• TASK DESCRIPTION: An exact transcription of all the data is required; the pictures are to be left out.

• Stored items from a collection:
____
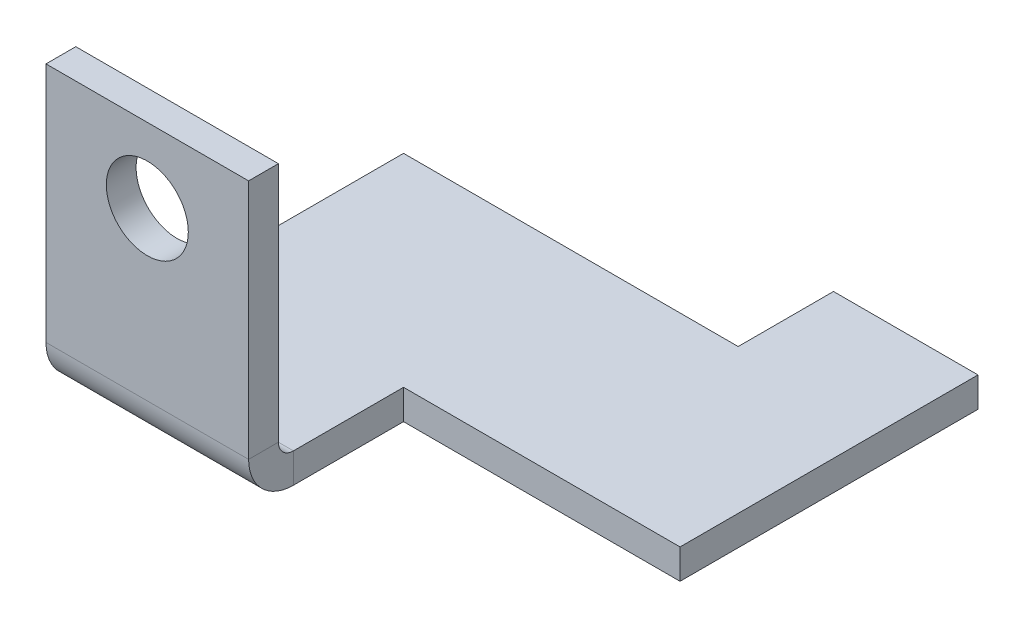
from build123d import *

# Parameters (mm, degrees)
SKETCH1_R                    = 4.3688
BOSS_EXTRUDE1_DEPTH          = 3.175
EDGE_FLANGE1_STRIP_W         = 15.900000204
EDGE_FLANGE1_STRIP_H         = 3.175
EDGE_FLANGE1_STRIP_CUT_DEPTH = 21.59
EDGE_FLANGE1_DEPTH           = 21.59
EDGE_FLANGE1_FLAT_DEPTH      = 3.175


# Sheet-metal steps are written as plain solids
with BuildPart() as part:
    # Sketch1 → Boss-Extrude1 (new body)
    with BuildSketch(Plane.XY):
        Polygon((-10.795, 15.24), (10.795, 15.24), (10.795, -15.24), (-10.795, -15.24), (-10.795, -1.27), align=None)
        with Locations((0, 7.3025)):
            Circle(SKETCH1_R, mode=Mode.SUBTRACT)
    extrude(amount=BOSS_EXTRUDE1_DEPTH)

    # Edge-Flange1 strip (across the edge) → Edge-Flange1 strip cut (cut)
    with BuildSketch(Plane(origin=(10.795, -15.24, 0), x_dir=(0, 1, 0), z_dir=(-1, 0, 0))):
        with Locations((-3.175, -1.5875)):
            Rectangle(EDGE_FLANGE1_STRIP_W, EDGE_FLANGE1_STRIP_H)
    extrude(amount=EDGE_FLANGE1_STRIP_CUT_DEPTH, mode=Mode.SUBTRACT)

    # Edge-Flange1 bend section (across the edge) → Edge-Flange1 (add)
    with BuildSketch(Plane(origin=(10.795, -15.24, 0), x_dir=(0, 1, 0), z_dir=(-1, 0, 0))):
        with BuildLine():
            Line((0, 1.600000102), (3.175, 1.600000102))
            ThreePointArc((3.175, 1.600000102), (3.64362918, 0.46862918), (4.775000102, 0))
            Line((4.775000102, 0), (4.775000102, -3.175))
            ThreePointArc((4.775000102, -3.175), (1.39856515, -1.77643485), (0, 1.600000102))
        make_face()
    extrude(amount=EDGE_FLANGE1_DEPTH)

    # Edge-Flange1 profile (on flange) → Edge-Flange1 flat (add)
    with BuildSketch(Plane(origin=(0, -15.24, 0), x_dir=(1, 0, 0), z_dir=(0, 1, 0))):
        Polygon((-10.795, 1.600000102), (10.795, 1.600000102), (10.795, 13.335), (33.655, 13.335), (38.735, 13.335), (40.259, 13.335), (40.259, 45.085), (38.735, 45.085), (26.386399264, 45.085), (24.862399264, 45.085), (24.862399264, 34.925), (21.306399264, 34.925), (16.226399264, 34.925), (10.795, 34.925), (-10.795, 34.925), (-10.795, 13.335), align=None)
    extrude(amount=EDGE_FLANGE1_FLAT_DEPTH)


solid = part.part
____
• WRITTEN RESPONSE:
from build123d import *

# Parameters (mm, degrees)
SKETCH1_R                    = 4.3688
BOSS_EXTRUDE1_DEPTH          = 3.175
EDGE_FLANGE1_STRIP_W         = 15.900000204
EDGE_FLANGE1_STRIP_H         = 3.175
EDGE_FLANGE1_STRIP_CUT_DEPTH = 21.59
EDGE_FLANGE1_DEPTH           = 21.59
EDGE_FLANGE1_FLAT_DEPTH      = 3.175


# Sheet-metal steps are written as plain solids
with BuildPart() as part:
    # Sketch1 → Boss-Extrude1 (new body)
    with BuildSketch(Plane.XY):
        Polygon((-10.795, 15.24), (10.795, 15.24), (10.795, -15.24), (-10.795, -15.24), (-10.795, -1.27), align=None)
        with Locations((0, 7.3025)):
            Circle(SKETCH1_R, mode=Mode.SUBTRACT)
    extrude(amount=BOSS_EXTRUDE1_DEPTH)

    # Edge-Flange1 strip (across the edge) → Edge-Flange1 strip cut (cut)
    with BuildSketch(Plane(origin=(10.795, -15.24, 0), x_dir=(0, 1, 0), z_dir=(-1, 0, 0))):
        with Locations((-3.175, -1.5875)):
            Rectangle(EDGE_FLANGE1_STRIP_W, EDGE_FLANGE1_STRIP_H)
    extrude(amount=EDGE_FLANGE1_STRIP_CUT_DEPTH, mode=Mode.SUBTRACT)

    # Edge-Flange1 bend section (across the edge) → Edge-Flange1 (add)
    with BuildSketch(Plane(origin=(10.795, -15.24, 0), x_dir=(0, 1, 0), z_dir=(-1, 0, 0))):
        with BuildLine():
            Line((0, 1.600000102), (3.175, 1.600000102))
            ThreePointArc((3.175, 1.600000102), (3.64362918, 0.46862918), (4.775000102, 0))
            Line((4.775000102, 0), (4.775000102, -3.175))
            ThreePointArc((4.775000102, -3.175), (1.39856515, -1.77643485), (0, 1.600000102))
        make_face()
    extrude(amount=EDGE_FLANGE1_DEPTH)

    # Edge-Flange1 profile (on flange) → Edge-Flange1 flat (add)
    with BuildSketch(Plane(origin=(0, -15.24, 0), x_dir=(1, 0, 0), z_dir=(0, 1, 0))):
        Polygon((-10.795, 1.600000102), (10.795, 1.600000102), (10.795, 13.335), (33.655, 13.335), (38.735, 13.335), (40.259, 13.335), (40.259, 45.085), (38.735, 45.085), (26.386399264, 45.085), (24.862399264, 45.085), (24.862399264, 34.925), (21.306399264, 34.925), (16.226399264, 34.925), (10.795, 34.925), (-10.795, 34.925), (-10.795, 13.335), align=None)
    extrude(amount=EDGE_FLANGE1_FLAT_DEPTH)


solid = part.part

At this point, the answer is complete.